North Koreans Study Bitcoin

North Korean engagement with bitcoin and crypto-currency appears to be growing, with recent reports indicating that university students are now able to access courses on cryptocurrency.

Reports indicate that Pyongyang University (pictured) which is perceived to be the breeding ground for North Korea’s hackers by much of the international community, is now offering courses on crypto-currencies.

Despite mounting accusations that the North Korean administration has been actively stealing and mining bitcoins, the existence of the course is being cited as “the first hard evidence” of North Korea’s increasing fascination with crypto-currency by media. 

Priscilla Moriuchi, director of strategic threat development at CIA and Google-backed security intelligence firm, Recorded Future, has stated that, “There should be no mistaking this course as a benevolent academic exchange; everything in North Korea is carefully evaluated and managed by the regime.”

Earlier this month, Federico Tenga, founder of bitcoin startup, Chainside, visited Pyongyang with the purpose of teaching over three dozen of the country’s top students about bitcoin and blockchain technology. The visit was arranged after Tenga contacted the sole foreign-funded school in North Korea, the Pyongyang University of Science and Technology, offering to give a presentation on bitcoin at an upcoming finance conference scheduled to take place on the campus. 
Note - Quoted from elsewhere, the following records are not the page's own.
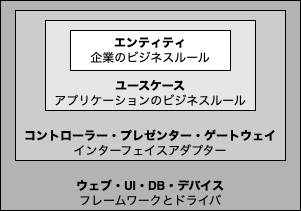

The diagram above was exported from draw.io. Its source (the exported page's mxGraphModel, read from the mxfile embedded in the PNG):
<mxGraphModel dx="1722" dy="1162" grid="1" gridSize="10" guides="1" tooltips="1" connect="1" arrows="1" fold="1" page="1" pageScale="1" pageWidth="850" pageHeight="1100" math="0" shadow="0">
  <root>
    <mxCell id="0" />
    <mxCell id="1" parent="0" />
    <mxCell id="5" value="&lt;b&gt;ウェブ・UI・DB・デバイス&lt;/b&gt;&lt;br&gt;フレームワークとドライバ" style="rounded=0;whiteSpace=wrap;html=1;verticalAlign=bottom;fillColor=#B3B3B3;" vertex="1" parent="1">
      <mxGeometry x="40" y="40" width="300" height="210" as="geometry" />
    </mxCell>
    <mxCell id="4" value="&lt;b&gt;コントローラー・プレゼンター・ゲートウェイ&lt;/b&gt;&lt;br&gt;インターフェイスアダプター" style="rounded=0;whiteSpace=wrap;html=1;verticalAlign=bottom;fillColor=#CCCCCC;" vertex="1" parent="1">
      <mxGeometry x="55" y="50" width="270" height="150" as="geometry" />
    </mxCell>
    <mxCell id="3" value="&lt;b&gt;ユースケース&lt;/b&gt;&lt;br&gt;アプリケーションのビジネスルール" style="rounded=0;whiteSpace=wrap;html=1;verticalAlign=bottom;fillColor=#E6E6E6;" vertex="1" parent="1">
      <mxGeometry x="85" y="60" width="210" height="90" as="geometry" />
    </mxCell>
    <mxCell id="2" value="&lt;b&gt;エンティティ&lt;/b&gt;&lt;br&gt;企業のビジネスルール" style="rounded=0;whiteSpace=wrap;html=1;" vertex="1" parent="1">
      <mxGeometry x="110" y="70" width="160" height="40" as="geometry" />
    </mxCell>
  </root>
</mxGraphModel>

The conference, however, was canceled following President Donald Trump’s ban on US citizens traveling to the Hermit Kingdom, leading to Pyongyang University contacting Mr. Tenga to invite him to teach the crypto-currency course on campus.
Mr. Tenga spent a week in total at Pyongyang University, delivering five 90 minute lectures to a group of approximately 40 students aged between 20 and 25. Mr. Tenga also gave an additional seminar to the university’s faculty members.
Mr. Tenga reported that although most students spoke excellent English, were knowledgeable of the world outside of North Korea’s borders and had independently heard of bitcoin, their understanding of bitcoin’s fundamentals such as the processes underpinning mining and trading was extremely lacking coming into the course. Surprising many, Mr. Tenga returned from North Korea skeptical of the regime’s cryptocurrency capabilities. 

Contradicting a July report by Recorded Future that claimed that bitcoin mining is taking place in North Korea, Mr. Tenga stated his skepticism surrounding the suggestion that the Hermit Kingdom is engaging in bitcoin mining. “I was running a full bitcoin node while I was there, so maybe people monitoring North Korean Internet think that somebody was mining that way, but I wasn’t,” Tenga said.

Recorded Future have responded to Mr. Tenga’s assertions, with Priscilla Moriuchi stating that “The university was allowed to offer this course, bring in a foreign expert, and educate North Korean students because the government and senior leaders realised the value of bitcoin and cryptocurrency as a generator of funds for the regime and allowed it.” Whilst the Pyongyang University of Science and Technology has not discussed its cryptocurrency course with western media, a university spokesman has told NK News, “Our teaching is intended to assist the DPRK by building capacity that enables effective development and benefits for the people of the DPRK… We are acutely aware of sanctions issues and the risks of misuse or misappropriation of resources and know-how and take care to avoid any sensitive or proscribed areas.”

Earlier this year, US cybersecurity firm, Fireeye, accused North Korea of using spear phishing and dispersed malware to attack three South Korean crypto-currency exchanges. 

Luke McNamara of Fireeye has told media that economic sanctions were presumed to be the dominant motivation behind North Korean engagement with crypto-currency, stating that the regime “probably sees it as a very low-cost solution to bring in hard cash.”